The official death toll from the 6.3-magnitude quake on Feb. 22 rose to 161 on Thursday, police said.

Seven more victims had been identified but no further details were being released until all family members were notified, which could take another one to two days.

DEATH TOLL RISES TO 161

Earlier police said progress was made on Wednesday at the Cathedral site, where a huge steel support is in place across the front of the building.

That has allowed crews to begin taking away beams from the top of the bell tower, Superintendent Russell Gibson told a press conference on Thursday.

About 20 people are thought to have been in the Cathedral when the earthquake struck.

Gibson said the wind affected the central city area, with roofing iron flying about, while more masonry fell during aftershocks. Overnight conditions were calm but he understands conditions may deteriorate again later on Thursday.

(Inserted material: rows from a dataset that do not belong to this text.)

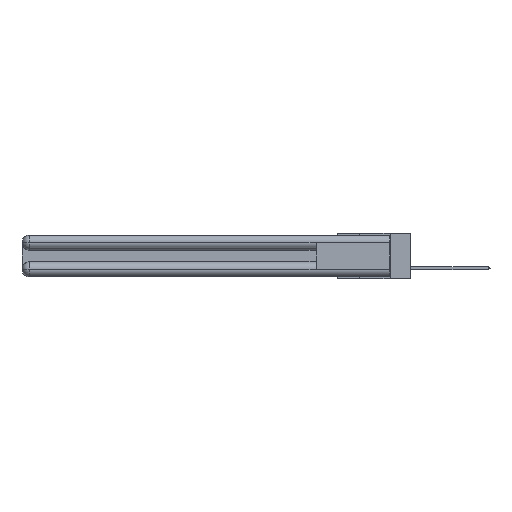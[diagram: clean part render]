
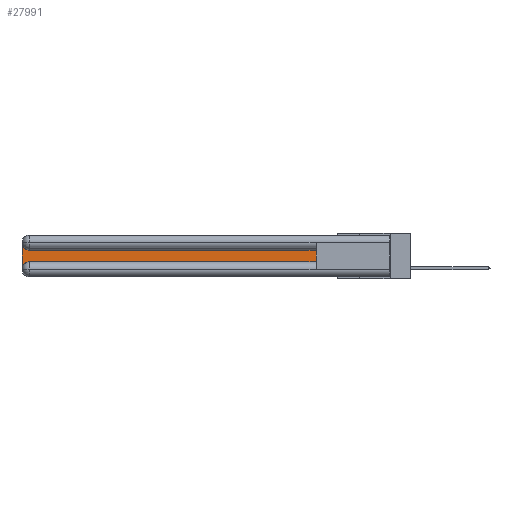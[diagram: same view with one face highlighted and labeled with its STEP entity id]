
A CAD part, left-side view. The second image highlights one B-rep face of the part: STEP entity #27991.
In plain terms, the highlighted planar face has unit normal (-1, 0, 0).
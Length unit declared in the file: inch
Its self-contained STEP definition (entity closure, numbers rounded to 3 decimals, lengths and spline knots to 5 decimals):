
#113 = DIRECTION ( 'NONE',  ( 0., 0., -1. ) ) ;
#1526 = CARTESIAN_POINT ( 'NONE',  ( 0.075, 3., -0.0625 ) ) ;
#1558 = EDGE_CURVE ( 'NONE', #3540, #3334, #16792, .T. ) ;
#2514 = ORIENTED_EDGE ( 'NONE', *, *, #14153, .T. ) ;
#3264 = VECTOR ( 'NONE', #113, 39.37008 ) ;
#3334 = VERTEX_POINT ( 'NONE', #16599 ) ;
#3341 = EDGE_CURVE ( 'NONE', #3334, #16953, #14632, .T. ) ;
#3466 = CARTESIAN_POINT ( 'NONE',  ( 0.075, 2.94, -0.0625 ) ) ;
#3540 = VERTEX_POINT ( 'NONE', #6827 ) ;
#4251 = CARTESIAN_POINT ( 'NONE',  ( 0.075, 3., -0.2175 ) ) ;
#4422 = AXIS2_PLACEMENT_3D ( 'NONE', #3466, #18818, #10085 ) ;
#4602 = LINE ( 'NONE', #5745, #17656 ) ;
#5097 = VECTOR ( 'NONE', #21015, 39.37008 ) ;
#5745 = CARTESIAN_POINT ( 'NONE',  ( 0.075, 0.6, -0.2175 ) ) ;
#6187 = EDGE_CURVE ( 'NONE', #28141, #3540, #21427, .T. ) ;
#6827 = CARTESIAN_POINT ( 'NONE',  ( 0.075, 0.6, -0.1225 ) ) ;
#8165 = CARTESIAN_POINT ( 'NONE',  ( 0.075, 2.94, -0.2175 ) ) ;
#9041 = VECTOR ( 'NONE', #19101, 39.37008 ) ;
#10085 = DIRECTION ( 'NONE',  ( 0., 0., -1. ) ) ;
#10545 = CARTESIAN_POINT ( 'NONE',  ( 0.075, 0.6, -0.2175 ) ) ;
#10578 = PLANE ( 'NONE',  #12651 ) ;
#11168 = CIRCLE ( 'NONE', #20807, 0.06 ) ;
#12122 = EDGE_LOOP ( 'NONE', ( #15045, #25526, #22709, #24862, #2514, #28341 ) ) ;
#12375 = DIRECTION ( 'NONE',  ( 0., -1., 0. ) ) ;
#12651 = AXIS2_PLACEMENT_3D ( 'NONE', #14608, #23478, #16907 ) ;
#13892 = CARTESIAN_POINT ( 'NONE',  ( 0.075, 0.6, -0.1225 ) ) ;
#14153 = EDGE_CURVE ( 'NONE', #16954, #28141, #4602, .T. ) ;
#14272 = CARTESIAN_POINT ( 'NONE',  ( 0.075, 3., -0.2775 ) ) ;
#14608 = CARTESIAN_POINT ( 'NONE',  ( 0.075, 3., -0.1225 ) ) ;
#14632 = CIRCLE ( 'NONE', #4422, 0.06 ) ;
#15045 = ORIENTED_EDGE ( 'NONE', *, *, #1558, .T. ) ;
#16599 = CARTESIAN_POINT ( 'NONE',  ( 0.075, 2.94, -0.1225 ) ) ;
#16792 = LINE ( 'NONE', #13892, #5097 ) ;
#16907 = DIRECTION ( 'NONE',  ( 0., 0., -1. ) ) ;
#16953 = VERTEX_POINT ( 'NONE', #1526 ) ;
#16954 = VERTEX_POINT ( 'NONE', #8165 ) ;
#17403 = CARTESIAN_POINT ( 'NONE',  ( 0.075, 2.94, -0.2775 ) ) ;
#17656 = VECTOR ( 'NONE', #12375, 39.37008 ) ;
#17932 = FACE_OUTER_BOUND ( 'NONE', #12122, .T. ) ;
#18464 = EDGE_CURVE ( 'NONE', #21486, #16954, #11168, .T. ) ;
#18470 = EDGE_CURVE ( 'NONE', #16953, #21486, #23572, .T. ) ;
#18818 = DIRECTION ( 'NONE',  ( 1., 0., 0. ) ) ;
#19101 = DIRECTION ( 'NONE',  ( 0., 0., 1. ) ) ;
#19104 = CARTESIAN_POINT ( 'NONE',  ( 0.075, 0.6, -0.2175 ) ) ;
#19540 = DIRECTION ( 'NONE',  ( 0., 0., -1. ) ) ;
#20807 = AXIS2_PLACEMENT_3D ( 'NONE', #17403, #22049, #19540 ) ;
#21015 = DIRECTION ( 'NONE',  ( 0., 1., 0. ) ) ;
#21427 = LINE ( 'NONE', #10545, #9041 ) ;
#21486 = VERTEX_POINT ( 'NONE', #14272 ) ;
#22049 = DIRECTION ( 'NONE',  ( 1., 0., 0. ) ) ;
#22709 = ORIENTED_EDGE ( 'NONE', *, *, #18470, .T. ) ;
#23478 = DIRECTION ( 'NONE',  ( 1., 0., 0. ) ) ;
#23572 = LINE ( 'NONE', #4251, #3264 ) ;
#24862 = ORIENTED_EDGE ( 'NONE', *, *, #18464, .T. ) ;
#25526 = ORIENTED_EDGE ( 'NONE', *, *, #3341, .T. ) ;
#27991 = ADVANCED_FACE ( 'NONE', ( #17932 ), #10578, .F. ) ;
#28141 = VERTEX_POINT ( 'NONE', #19104 ) ;
#28341 = ORIENTED_EDGE ( 'NONE', *, *, #6187, .T. ) ;

More than 27,000 people in Christchurch are still without power. The Civil Defense said half these should have power restored by Sunday.

The Civil Defense said building inspectors will have evaluated all the high priority buildings in the eastern suburbs by the end of Saturday.

Land Search and Rescue teams have checked 56,000 houses around the western suburbs and say about 60 percent are still occupied.

Christchurch Mayor Bob Parker said the council will release details over the next 24 hours of how it plans to give limited access to the central business district so people can get into some buildings and retrieve undamaged motor vehicles.

National Civil Defense Controller John Hamilton said chemical toilets and portaloos are being distributed to the areas of greatest need.

Christchurch Medical Officer of Health Ramon Pink said rivers, seawater and ponds must be treated as contaminated and fish and shellfish are also at risk of being contaminated. Residents are still urged to boil water, whether it is from mains or tankers.

Limited public transport services were beginning again in Christchurch on Thursday. There is no charge for bus and ferry journeys for the next two weeks.